The company is eligible under the production linked incentive scheme for batteries of up to 20 GWh. Ola Electric intends to hike it up to 100 GWh and hit 10 million per annum eventually at the two-wheeler facility in its Gigafactory in Tamil Nadu.
The company is also expected to launch 5-6 models in the scooter segment in the coming months. It is also reported to be planning a foray into the motorcycle segment, with 3-4 models planned by the end of the year.
This is expected to scale up Ola's business significantly with strong growth in revenue and market share. It is also launching its lowest-price electric scooter at less than 85,000 in July with the aim at ramping up volumes multiple times.

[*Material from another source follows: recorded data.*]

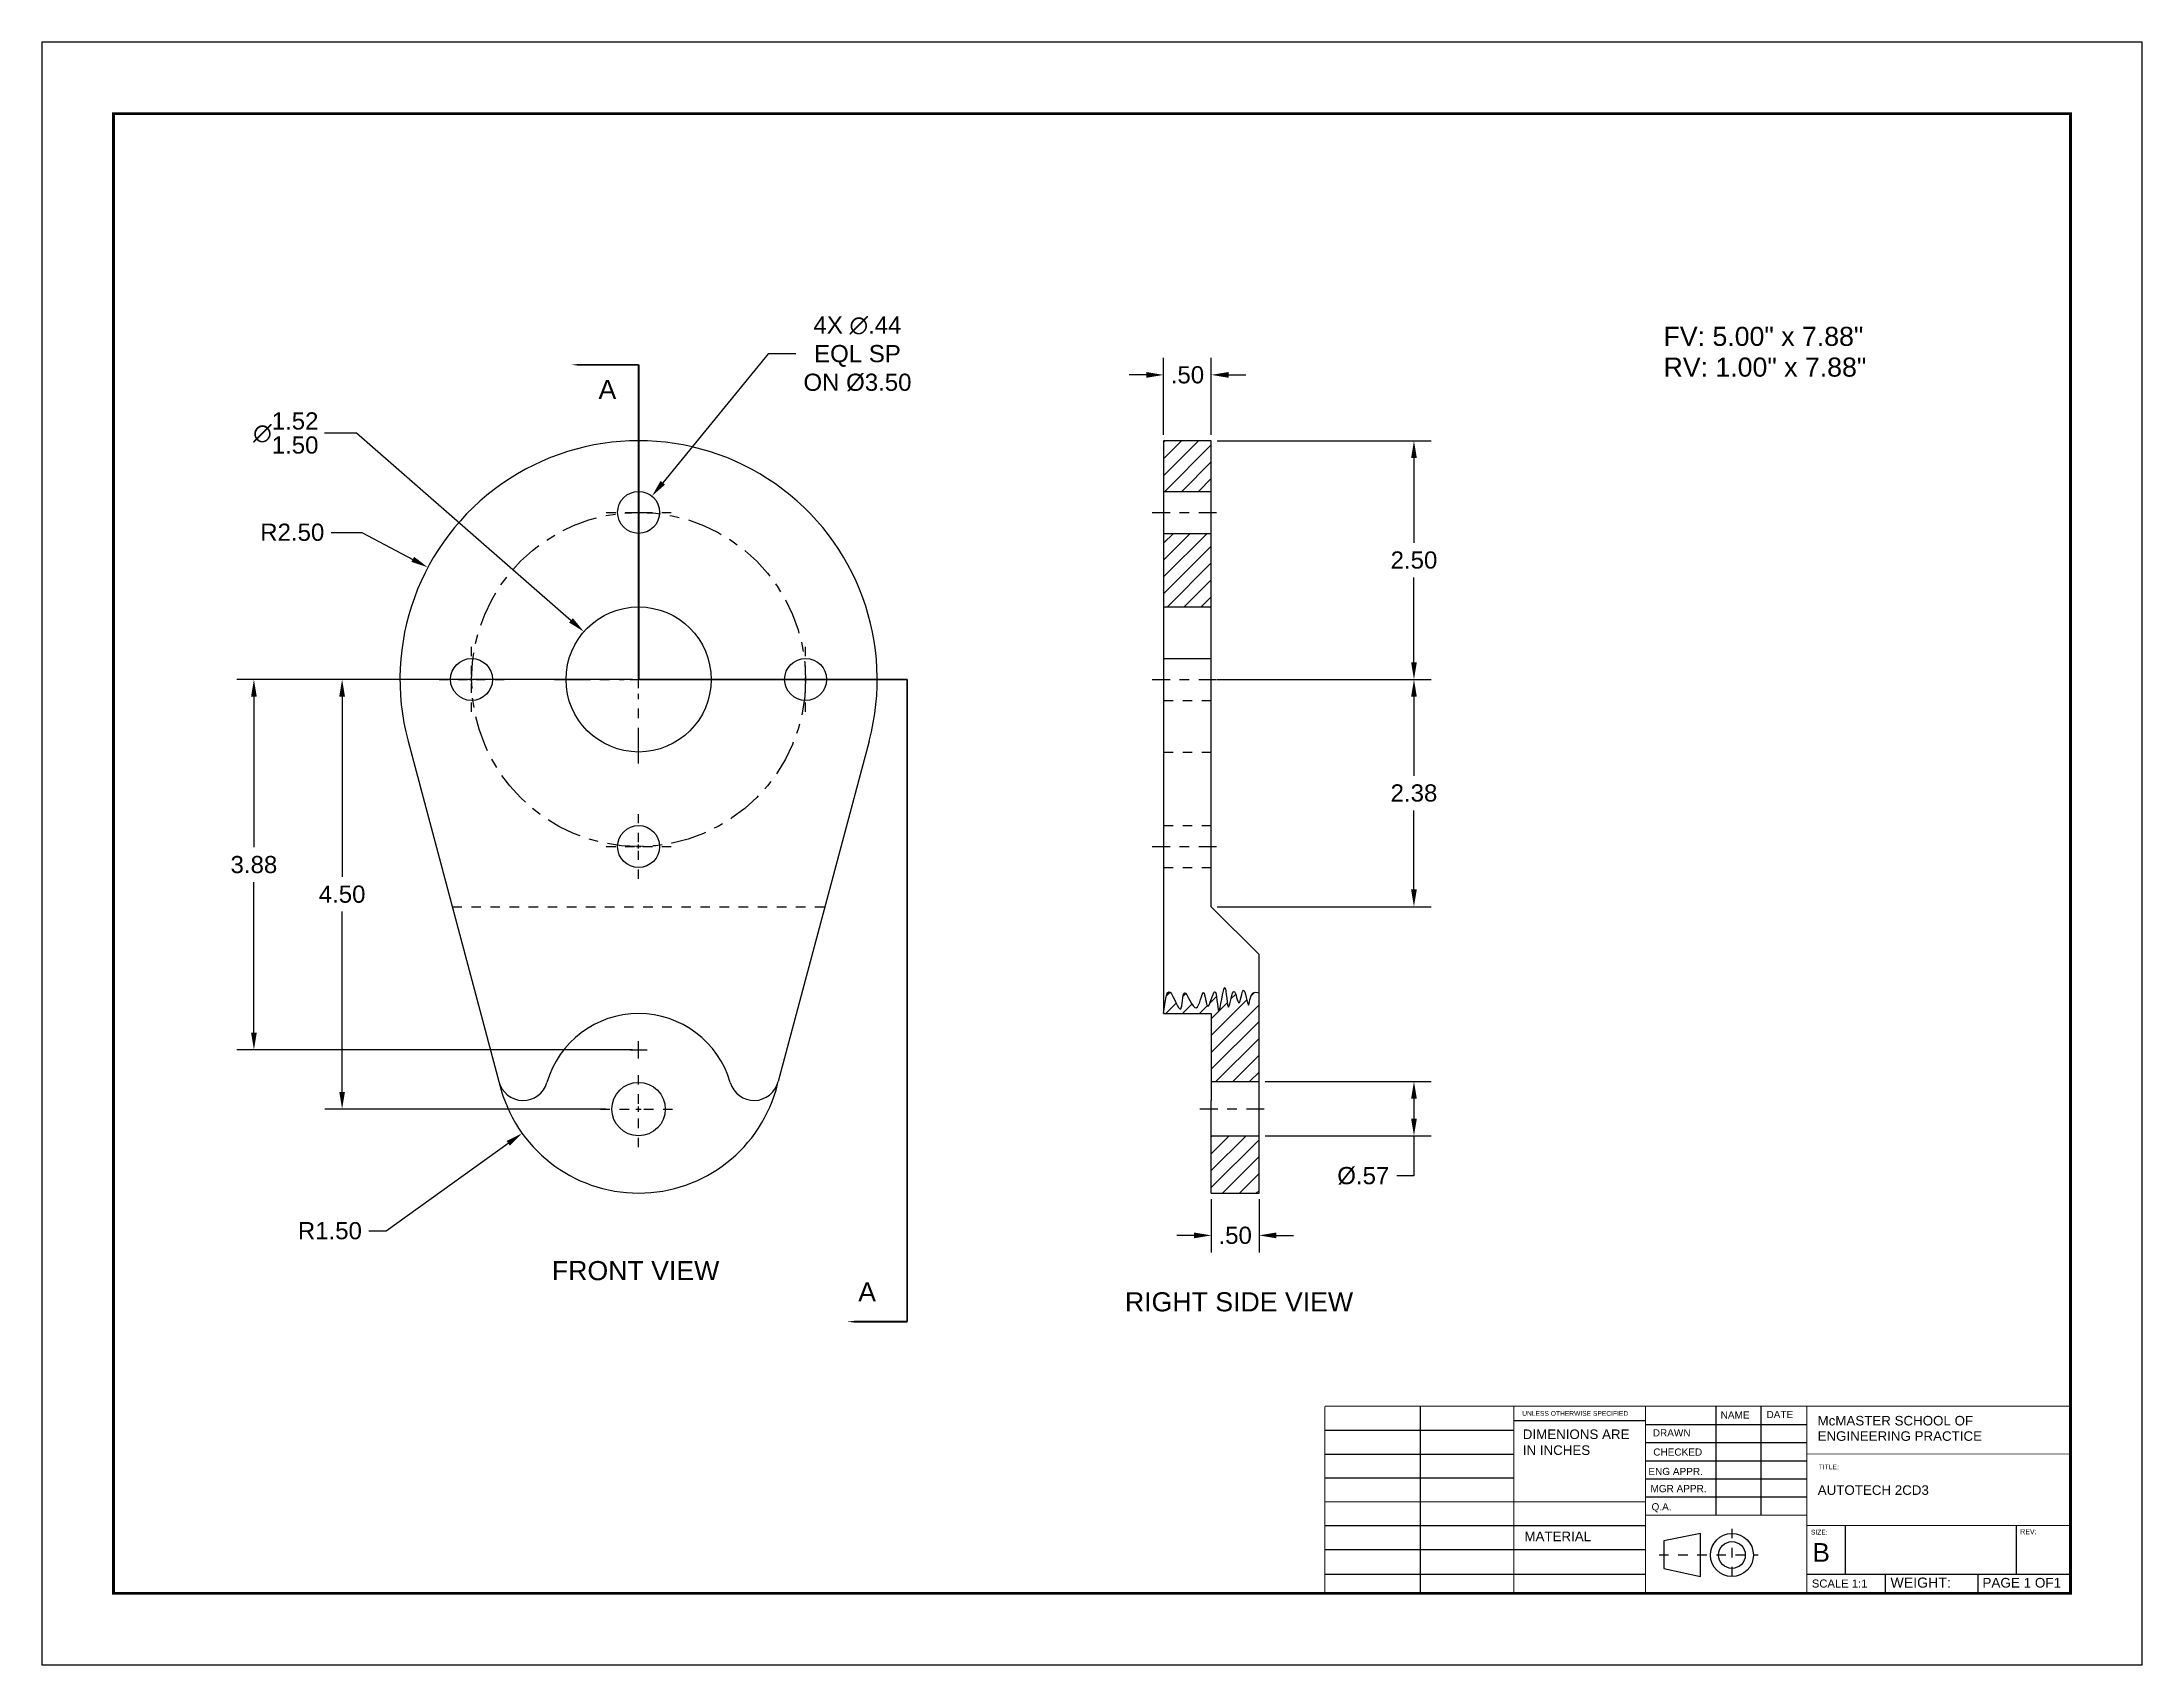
# Model space of a CAD drawing. Header units: inches. Extents: x 0 to 22, y 0 to 17.
import ezdxf

# ---------------------------------------------------------------- set-up
doc = ezdxf.new("R2010")
doc.units = ezdxf.units.IN
doc.header["$LTSCALE"] = 0.3
doc.header["$MEASUREMENT"] = 0
for name, pattern in [('CENTER', [2, 1.25, -0.25, 0.25, -0.25]), ('HIDDEN', [0.375, 0.25, -0.125]), ('PHANTOM', [2.5, 1.25, -0.25, 0.25, -0.25, 0.25, -0.25])]:
    doc.linetypes.add(name, pattern=pattern)
for name, color, linetype in [('border', 71, 'Continuous'), ('center', 6, 'CENTER'), ('cut', 1, 'PHANTOM'), ('dim', 4, 'Continuous'), ('hidden', 2, 'HIDDEN'), ('solid', 3, 'Continuous'), ('text', 40, 'Continuous')]:
    doc.layers.add(name, color=color, linetype=linetype)
doc.styles.get("Standard").update_dxf_attribs({"font": 'arial.ttf'})
doc.dimstyles.get("Standard").update_dxf_attribs({"dimtxt": 0.18, "dimasz": 0.18, "dimexe": 0.18, "dimexo": 0.0625, "dimgap": 0.09, "dimtad": 0, "dimtih": 1, "dimtoh": 1, "dimzin": 4, "dimdsep": 46, "dimtxsty": 'Standard', "dimcen": 0.09, "dimadec": 0, "dimazin": 0, "dimtfac": 1, "dimtofl": 0, "dimtmove": 0, "dimatfit": 3, "dimfxl": 1, "dimtolj": 1, "dimtzin": 0, "dimarcsym": 0})
doc.dimstyles.new('tolerance', dxfattribs={"dimtxt": 0.18, "dimasz": 0.18, "dimexe": 0.18, "dimexo": 0.0625, "dimgap": 0.09, "dimtad": 0, "dimtih": 1, "dimtoh": 1, "dimzin": 4, "dimdsep": 46, "dimtxsty": 'Standard', "dimcen": 0.09, "dimadec": 0, "dimazin": 0, "dimlim": 1, "dimtm": 0.02, "dimtfac": 1, "dimtofl": 0, "dimtmove": 0, "dimatfit": 3, "dimfxl": 1, "dimtolj": 1, "dimtzin": 0, "dimarcsym": 0})

# ---------------------------------------------------------------- blocks, each defined once
blk = doc.blocks.new('*U2')
at = {"layer": 'center', "color": 0, "linetype": 'CENTER', "ltscale": 0.25, "transparency": 16777216}
for p, q in [((0, 0.044), (0, 0.34)), ((-0.34, 0), (-0.044, 0)), ((0.044, 0), (0.34, 0)), ((0, -0.34), (0, -0.044))]:
    blk.add_line(p, q, dxfattribs=at)
at = {"layer": 'center', "color": 0, "linetype": 'Continuous', "ltscale": 0.25, "transparency": 16777216}
for p, q in [((-0.022, 0), (0.022, 0)), ((0, -0.022), (0, 0.022))]:
    blk.add_line(p, q, dxfattribs=at)
blk = doc.blocks.new('*U3')
at = {"layer": 'center', "color": 0, "linetype": 'CENTER', "transparency": 16777216}
for p, q in [((0, 0.152), (0, 0.88)), ((-0.88, 0), (-0.152, 0)), ((0.152, 0), (0.88, 0)), ((0, -0.88), (0, -0.152))]:
    blk.add_line(p, q, dxfattribs=at)
at = {"layer": 'center', "color": 0, "linetype": 'Continuous', "transparency": 16777216}
for p, q in [((-0.076, 0), (0.076, 0)), ((0, -0.076), (0, 0.076))]:
    blk.add_line(p, q, dxfattribs=at)
blk = doc.blocks.new('*U4')
at = {"layer": 'center', "color": 0, "linetype": 'CENTER', "ltscale": 0.25, "transparency": 16777216}
for p, q in [((0, 0.044), (0, 0.34)), ((-0.34, 0), (-0.044, 0)), ((0.044, 0), (0.34, 0)), ((0, -0.34), (0, -0.044))]:
    blk.add_line(p, q, dxfattribs=at)
at = {"layer": 'center', "color": 0, "linetype": 'Continuous', "ltscale": 0.25, "transparency": 16777216}
for p, q in [((-0.022, 0), (0.022, 0)), ((0, -0.022), (0, 0.022))]:
    blk.add_line(p, q, dxfattribs=at)
blk = doc.blocks.new('*U5')
at = {"layer": 'center', "color": 0, "linetype": 'CENTER', "ltscale": 0.25, "transparency": 16777216}
for p, q in [((0, 0.044), (0, 0.34)), ((-0.34, 0), (-0.044, 0)), ((0, -0.34), (0, -0.044)), ((0.044, 0), (0.34, 0))]:
    blk.add_line(p, q, dxfattribs=at)
at = {"layer": 'center', "color": 0, "linetype": 'Continuous', "ltscale": 0.25, "transparency": 16777216}
for p, q in [((0, -0.022), (0, 0.022)), ((-0.022, 0), (0.022, 0))]:
    blk.add_line(p, q, dxfattribs=at)
blk = doc.blocks.new('*U6')
at = {"layer": 'center', "color": 0, "linetype": 'CENTER', "ltscale": 0.25, "transparency": 16777216}
for p, q in [((0, 0.044), (0, 0.34)), ((-0.34, 0), (-0.044, 0)), ((0.044, 0), (0.34, 0)), ((0, -0.34), (0, -0.044))]:
    blk.add_line(p, q, dxfattribs=at)
at = {"layer": 'center', "color": 0, "linetype": 'Continuous', "ltscale": 0.25, "transparency": 16777216}
for p, q in [((-0.022, 0), (0.022, 0)), ((0, -0.022), (0, 0.022))]:
    blk.add_line(p, q, dxfattribs=at)
blk = doc.blocks.new('*U7')
at = {"layer": 'center', "color": 0, "linetype": 'CENTER', "ltscale": 0.25, "transparency": 16777216}
for p, q in [((0, 0.056), (0, 0.4)), ((-0.4, 0), (-0.056, 0)), ((0.056, 0), (0.4, 0)), ((0, -0.4), (0, -0.056))]:
    blk.add_line(p, q, dxfattribs=at)
at = {"layer": 'center', "color": 0, "linetype": 'Continuous', "ltscale": 0.25, "transparency": 16777216}
for p, q in [((-0.028, 0), (0.028, 0)), ((0, -0.028), (0, 0.028))]:
    blk.add_line(p, q, dxfattribs=at)
blk = doc.blocks.new('*U8')
at = {"layer": 'center', "color": 0, "linetype": 'CENTER', "ltscale": 0.5, "transparency": 16777216}
blk.add_line((-0.37, 0), (0.37, 0), dxfattribs=at)
blk = doc.blocks.new('*U9')
at = {"layer": 'center', "color": 0, "linetype": 'CENTER', "ltscale": 0.5, "transparency": 16777216}
blk.add_line((-0.37, 0), (0.37, 0), dxfattribs=at)
blk = doc.blocks.new('*U10')
at = {"layer": 'center', "color": 0, "linetype": 'CENTER', "ltscale": 0.5, "transparency": 16777216}
blk.add_line((-0.37, 0), (0.37, 0), dxfattribs=at)
blk = doc.blocks.new('*U11')
at = {"layer": 'center', "color": 0, "linetype": 'CENTER', "ltscale": 0.5, "transparency": 16777216}
blk.add_line((-0.37, 0), (0.37, 0), dxfattribs=at)
blk = doc.blocks.new('*D12')
at = {"layer": 'Defpoints', "color": 0, "transparency": 16777216}
for p in [(3.144, 10.323), (5.97, 10.323), (5.97, 5.823)]:
    blk.add_point(p, dxfattribs=at)
at = {"layer": 'dim', "color": 0, "lineweight": -2, "transparency": 16777216}
for p, q in [((5.908, 10.323), (2.964, 10.323)), ((3.144, 10.143), (3.144, 8.255)), ((3.144, 6.003), (3.144, 7.891)), ((5.908, 5.823), (2.964, 5.823))]:
    blk.add_line(p, q, dxfattribs=at)
at = {"layer": 'dim', "color": 0, "transparency": 16777216}
for points in [[(3.114, 10.143), (3.174, 10.143), (3.144, 10.323)], [(3.114, 6.003), (3.174, 6.003), (3.144, 5.823)]]:
    blk.add_solid(points, dxfattribs=at)
at = {"layer": 'dim', "color": 0, "transparency": 16777216, "insert": (3.144, 8.073), "char_height": 0.18, "attachment_point": 5}
blk.add_mtext('\\A1;4.50', dxfattribs=at)
blk = doc.blocks.new('*D13')
at = {"layer": 'Defpoints', "color": 0, "transparency": 16777216}
for p in [(4.043, 11.497), (6.25, 10.323)]:
    blk.add_point(p, dxfattribs=at)
at = {"layer": 'dim', "color": 0, "lineweight": -2, "transparency": 16777216}
for p, q in [((3.031, 11.864), (3.351, 11.864)), ((3.351, 11.864), (3.884, 11.581)), ((6.25, 10.233), (6.25, 10.413)), ((6.16, 10.323), (6.34, 10.323))]:
    blk.add_line(p, q, dxfattribs=at)
at = {"layer": 'dim', "color": 0, "transparency": 16777216}
blk.add_solid([(3.898, 11.608), (3.87, 11.555), (4.043, 11.497)], dxfattribs=at)
at = {"layer": 'dim', "color": 0, "transparency": 16777216, "insert": (2.622, 11.864), "char_height": 0.18, "attachment_point": 5}
blk.add_mtext('\\A1;R2.50', dxfattribs=at)
blk = doc.blocks.new('*D14')
at = {"layer": 'Defpoints', "color": 0, "transparency": 16777216}
for p in [(6.389, 12.243), (6.111, 11.903)]:
    blk.add_point(p, dxfattribs=at)
at = {"layer": 'dim', "color": 0, "lineweight": -2, "transparency": 16777216}
for p, q in [((7.609, 13.733), (6.503, 12.383)), ((7.899, 13.733), (7.609, 13.733)), ((6.25, 11.983), (6.25, 12.163)), ((6.16, 12.073), (6.34, 12.073))]:
    blk.add_line(p, q, dxfattribs=at)
at = {"layer": 'dim', "color": 0, "transparency": 16777216}
blk.add_solid([(6.48, 12.402), (6.527, 12.364), (6.389, 12.243)], dxfattribs=at)
at = {"layer": 'dim', "color": 0, "transparency": 16777216, "insert": (8.543, 13.733), "char_height": 0.18, "attachment_point": 5}
blk.add_mtext('\\A1;4X ∅.44\\PEQL SP\\PON %%C3.50', dxfattribs=at)
blk = doc.blocks.new('*D15')
at = {"layer": 'Defpoints', "color": 0, "transparency": 16777216}
for p in [(5.678, 10.823), (6.822, 9.823)]:
    blk.add_point(p, dxfattribs=at)
at = {"layer": 'dim', "color": 0, "lineweight": -2, "transparency": 16777216}
for p, q in [((2.961, 12.905), (3.295, 12.905)), ((3.295, 12.905), (5.542, 10.942)), ((6.25, 10.233), (6.25, 10.413)), ((6.16, 10.323), (6.34, 10.323))]:
    blk.add_line(p, q, dxfattribs=at)
at = {"layer": 'dim', "color": 0, "transparency": 16777216}
blk.add_solid([(5.562, 10.964), (5.522, 10.919), (5.678, 10.823)], dxfattribs=at)
at = {"layer": 'dim', "color": 0, "transparency": 16777216, "insert": (2.554, 12.905), "char_height": 0.18, "attachment_point": 5}
blk.add_mtext('\\A1;∅\\S1.52^ 1.50;', dxfattribs=at)
blk = doc.blocks.new('*D17')
at = {"layer": 'Defpoints', "color": 0, "transparency": 16777216}
for p in [(6.25, 6.443), (5.031, 5.569)]:
    blk.add_point(p, dxfattribs=at)
at = {"layer": 'dim', "color": 0, "lineweight": -2, "transparency": 16777216}
for p, q in [((6.16, 6.443), (6.34, 6.443)), ((6.25, 6.353), (6.25, 6.533)), ((3.605, 4.548), (4.884, 5.465)), ((3.425, 4.548), (3.605, 4.548))]:
    blk.add_line(p, q, dxfattribs=at)
at = {"layer": 'dim', "color": 0, "transparency": 16777216}
blk.add_solid([(4.867, 5.489), (4.902, 5.44), (5.031, 5.569)], dxfattribs=at)
at = {"layer": 'dim', "color": 0, "transparency": 16777216, "insert": (3.016, 4.548), "char_height": 0.18, "attachment_point": 5}
blk.add_mtext('\\A1;R1.50', dxfattribs=at)
blk = doc.blocks.new('*D18')
at = {"layer": 'Defpoints', "color": 0, "transparency": 16777216}
for p in [(2.22, 10.323), (6.25, 10.323), (6.25, 6.443)]:
    blk.add_point(p, dxfattribs=at)
at = {"layer": 'dim', "color": 0, "lineweight": -2, "transparency": 16777216}
for p, q in [((6.187, 10.323), (2.04, 10.323)), ((2.22, 10.143), (2.22, 8.565)), ((2.22, 6.623), (2.22, 8.201)), ((6.187, 6.443), (2.04, 6.443))]:
    blk.add_line(p, q, dxfattribs=at)
at = {"layer": 'dim', "color": 0, "transparency": 16777216}
for points in [[(2.19, 10.143), (2.25, 10.143), (2.22, 10.323)], [(2.19, 6.623), (2.25, 6.623), (2.22, 6.443)]]:
    blk.add_solid(points, dxfattribs=at)
at = {"layer": 'dim', "color": 0, "transparency": 16777216, "insert": (2.22, 8.383), "char_height": 0.18, "attachment_point": 5}
blk.add_mtext('\\A1;3.88', dxfattribs=at)
blk = doc.blocks.new('*D19')
at = {"layer": 'Defpoints', "color": 0, "transparency": 16777216}
for p in [(12.75, 6.111), (12.75, 5.543), (14.373, 5.543)]:
    blk.add_point(p, dxfattribs=at)
at = {"layer": 'dim', "color": 0, "lineweight": -2, "transparency": 16777216}
for p, q in [((12.813, 6.111), (14.553, 6.111)), ((14.373, 5.931), (14.373, 5.723)), ((12.813, 5.543), (14.553, 5.543)), ((14.373, 5.543), (14.373, 5.123)), ((14.373, 5.123), (14.193, 5.123))]:
    blk.add_line(p, q, dxfattribs=at)
at = {"layer": 'dim', "color": 0, "transparency": 16777216}
for points in [[(14.343, 5.931), (14.403, 5.931), (14.373, 6.111)], [(14.343, 5.723), (14.403, 5.723), (14.373, 5.543)]]:
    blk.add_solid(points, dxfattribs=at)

However, the big challenge for the electric two-wheeler market is the government’s decision to cut the Faster Adoption and Manufacturing of (Hybrid &) Electric Vehicles in India subsidy by a third-a signal that it might be withdrawn altogether from April next year. According to ICRA, the subsidy on an Ola scooter with a 3.97 kWh battery will fall by 62 per cent from Rs 59,000 to Rs 22,500. While most companies say they will have to pass on 10-20 per cent of the extra cost to consumers, this could still slow down the sales growth.
From the start, Ola has taken a neutral stand on the withdrawal of the subsidy. Analysts say it might be able to absorb a large part of the cost as it has cash on its books and growing economies of scale.